▶ **Task to carry out**: The answer must be an exact copy of the records, with every picture removed.

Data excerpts
····················

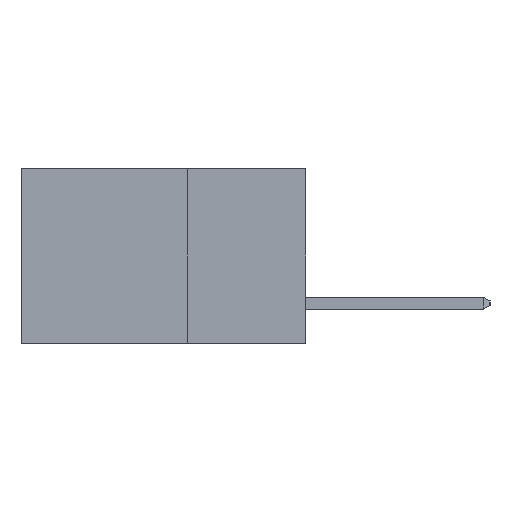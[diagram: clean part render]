
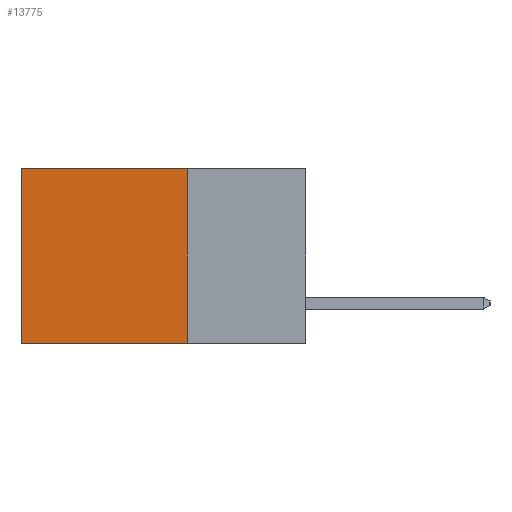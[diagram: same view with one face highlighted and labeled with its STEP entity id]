
A CAD part, left-side view. The second image highlights one B-rep face of the part: STEP entity #13775.
In plain terms, the highlighted planar face has unit normal (-1, 0, 0).
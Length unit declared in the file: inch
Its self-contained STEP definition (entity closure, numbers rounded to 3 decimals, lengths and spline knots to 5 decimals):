
#957 = VERTEX_POINT ( 'NONE', #19407 ) ;
#1859 = LINE ( 'NONE', #2337, #17967 ) ;
#2337 = CARTESIAN_POINT ( 'NONE',  ( 0.298, 0.25, 0. ) ) ;
#2490 = EDGE_CURVE ( 'NONE', #957, #12328, #21036, .T. ) ;
#2748 = AXIS2_PLACEMENT_3D ( 'NONE', #14144, #16284, #3631 ) ;
#2970 = ORIENTED_EDGE ( 'NONE', *, *, #20116, .T. ) ;
#3243 = ORIENTED_EDGE ( 'NONE', *, *, #2490, .F. ) ;
#3631 = DIRECTION ( 'NONE',  ( 0., 0., -1. ) ) ;
#5600 = VERTEX_POINT ( 'NONE', #12207 ) ;
#5831 = CARTESIAN_POINT ( 'NONE',  ( 0.298, 0.6, 0. ) ) ;
#6474 = FACE_OUTER_BOUND ( 'NONE', #15214, .T. ) ;
#6883 = DIRECTION ( 'NONE',  ( 0., 0., -1. ) ) ;
#8649 = DIRECTION ( 'NONE',  ( 0., 0., -1. ) ) ;
#8738 = CARTESIAN_POINT ( 'NONE',  ( 0.298, 0.6, 0. ) ) ;
#8907 = EDGE_CURVE ( 'NONE', #5600, #957, #1859, .T. ) ;
#10748 = EDGE_CURVE ( 'NONE', #22179, #12328, #13976, .T. ) ;
#11237 = ORIENTED_EDGE ( 'NONE', *, *, #8907, .F. ) ;
#12207 = CARTESIAN_POINT ( 'NONE',  ( 0.298, 0.25, 0. ) ) ;
#12328 = VERTEX_POINT ( 'NONE', #19222 ) ;
#13775 = ADVANCED_FACE ( 'NONE', ( #6474 ), #26445, .F. ) ;
#13976 = LINE ( 'NONE', #8738, #24366 ) ;
#14144 = CARTESIAN_POINT ( 'NONE',  ( 0.298, 0.25, 0. ) ) ;
#15214 = EDGE_LOOP ( 'NONE', ( #21925, #3243, #11237, #2970 ) ) ;
#15565 = VECTOR ( 'NONE', #26249, 39.37008 ) ;
#16008 = DIRECTION ( 'NONE',  ( 0., 1., 0. ) ) ;
#16284 = DIRECTION ( 'NONE',  ( 1., 0., 0. ) ) ;
#17967 = VECTOR ( 'NONE', #6883, 39.37008 ) ;
#19222 = CARTESIAN_POINT ( 'NONE',  ( 0.298, 0.6, -0.37 ) ) ;
#19407 = CARTESIAN_POINT ( 'NONE',  ( 0.298, 0.25, -0.37 ) ) ;
#20116 = EDGE_CURVE ( 'NONE', #5600, #22179, #26597, .T. ) ;
#21036 = LINE ( 'NONE', #22069, #15565 ) ;
#21228 = VECTOR ( 'NONE', #16008, 39.37008 ) ;
#21925 = ORIENTED_EDGE ( 'NONE', *, *, #10748, .T. ) ;
#22069 = CARTESIAN_POINT ( 'NONE',  ( 0.298, 0.25, -0.37 ) ) ;
#22179 = VERTEX_POINT ( 'NONE', #5831 ) ;
#22259 = CARTESIAN_POINT ( 'NONE',  ( 0.298, 0.25, 0. ) ) ;
#24366 = VECTOR ( 'NONE', #8649, 39.37008 ) ;
#26249 = DIRECTION ( 'NONE',  ( 0., 1., 0. ) ) ;
#26445 = PLANE ( 'NONE',  #2748 ) ;
#26597 = LINE ( 'NONE', #22259, #21228 ) ;

····················

▶ **Solution to the exercise**:
[diagram: clean part render]
[diagram: same view with one face highlighted and labeled with its STEP entity id]
A CAD part, left-side view. The second image highlights one B-rep face of the part: STEP entity #13775.
In plain terms, the highlighted planar face has unit normal (-1, 0, 0).
Length unit declared in the file: inch
Its self-contained STEP definition (entity closure, numbers rounded to 3 decimals, lengths and spline knots to 5 decimals):
#957 = VERTEX_POINT ( 'NONE', #19407 ) ;
#1859 = LINE ( 'NONE', #2337, #17967 ) ;
#2337 = CARTESIAN_POINT ( 'NONE',  ( 0.298, 0.25, 0. ) ) ;
#2490 = EDGE_CURVE ( 'NONE', #957, #12328, #21036, .T. ) ;
#2748 = AXIS2_PLACEMENT_3D ( 'NONE', #14144, #16284, #3631 ) ;
#2970 = ORIENTED_EDGE ( 'NONE', *, *, #20116, .T. ) ;
#3243 = ORIENTED_EDGE ( 'NONE', *, *, #2490, .F. ) ;
#3631 = DIRECTION ( 'NONE',  ( 0., 0., -1. ) ) ;
#5600 = VERTEX_POINT ( 'NONE', #12207 ) ;
#5831 = CARTESIAN_POINT ( 'NONE',  ( 0.298, 0.6, 0. ) ) ;
#6474 = FACE_OUTER_BOUND ( 'NONE', #15214, .T. ) ;
#6883 = DIRECTION ( 'NONE',  ( 0., 0., -1. ) ) ;
#8649 = DIRECTION ( 'NONE',  ( 0., 0., -1. ) ) ;
#8738 = CARTESIAN_POINT ( 'NONE',  ( 0.298, 0.6, 0. ) ) ;
#8907 = EDGE_CURVE ( 'NONE', #5600, #957, #1859, .T. ) ;
#10748 = EDGE_CURVE ( 'NONE', #22179, #12328, #13976, .T. ) ;
#11237 = ORIENTED_EDGE ( 'NONE', *, *, #8907, .F. ) ;
#12207 = CARTESIAN_POINT ( 'NONE',  ( 0.298, 0.25, 0. ) ) ;
#12328 = VERTEX_POINT ( 'NONE', #19222 ) ;
#13775 = ADVANCED_FACE ( 'NONE', ( #6474 ), #26445, .F. ) ;
#13976 = LINE ( 'NONE', #8738, #24366 ) ;
#14144 = CARTESIAN_POINT ( 'NONE',  ( 0.298, 0.25, 0. ) ) ;
#15214 = EDGE_LOOP ( 'NONE', ( #21925, #3243, #11237, #2970 ) ) ;
#15565 = VECTOR ( 'NONE', #26249, 39.37008 ) ;
#16008 = DIRECTION ( 'NONE',  ( 0., 1., 0. ) ) ;
#16284 = DIRECTION ( 'NONE',  ( 1., 0., 0. ) ) ;
#17967 = VECTOR ( 'NONE', #6883, 39.37008 ) ;
#19222 = CARTESIAN_POINT ( 'NONE',  ( 0.298, 0.6, -0.37 ) ) ;
#19407 = CARTESIAN_POINT ( 'NONE',  ( 0.298, 0.25, -0.37 ) ) ;
#20116 = EDGE_CURVE ( 'NONE', #5600, #22179, #26597, .T. ) ;
#21036 = LINE ( 'NONE', #22069, #15565 ) ;
#21228 = VECTOR ( 'NONE', #16008, 39.37008 ) ;
#21925 = ORIENTED_EDGE ( 'NONE', *, *, #10748, .T. ) ;
#22069 = CARTESIAN_POINT ( 'NONE',  ( 0.298, 0.25, -0.37 ) ) ;
#22179 = VERTEX_POINT ( 'NONE', #5831 ) ;
#22259 = CARTESIAN_POINT ( 'NONE',  ( 0.298, 0.25, 0. ) ) ;
#24366 = VECTOR ( 'NONE', #8649, 39.37008 ) ;
#26249 = DIRECTION ( 'NONE',  ( 0., 1., 0. ) ) ;
#26445 = PLANE ( 'NONE',  #2748 ) ;
#26597 = LINE ( 'NONE', #22259, #21228 ) ;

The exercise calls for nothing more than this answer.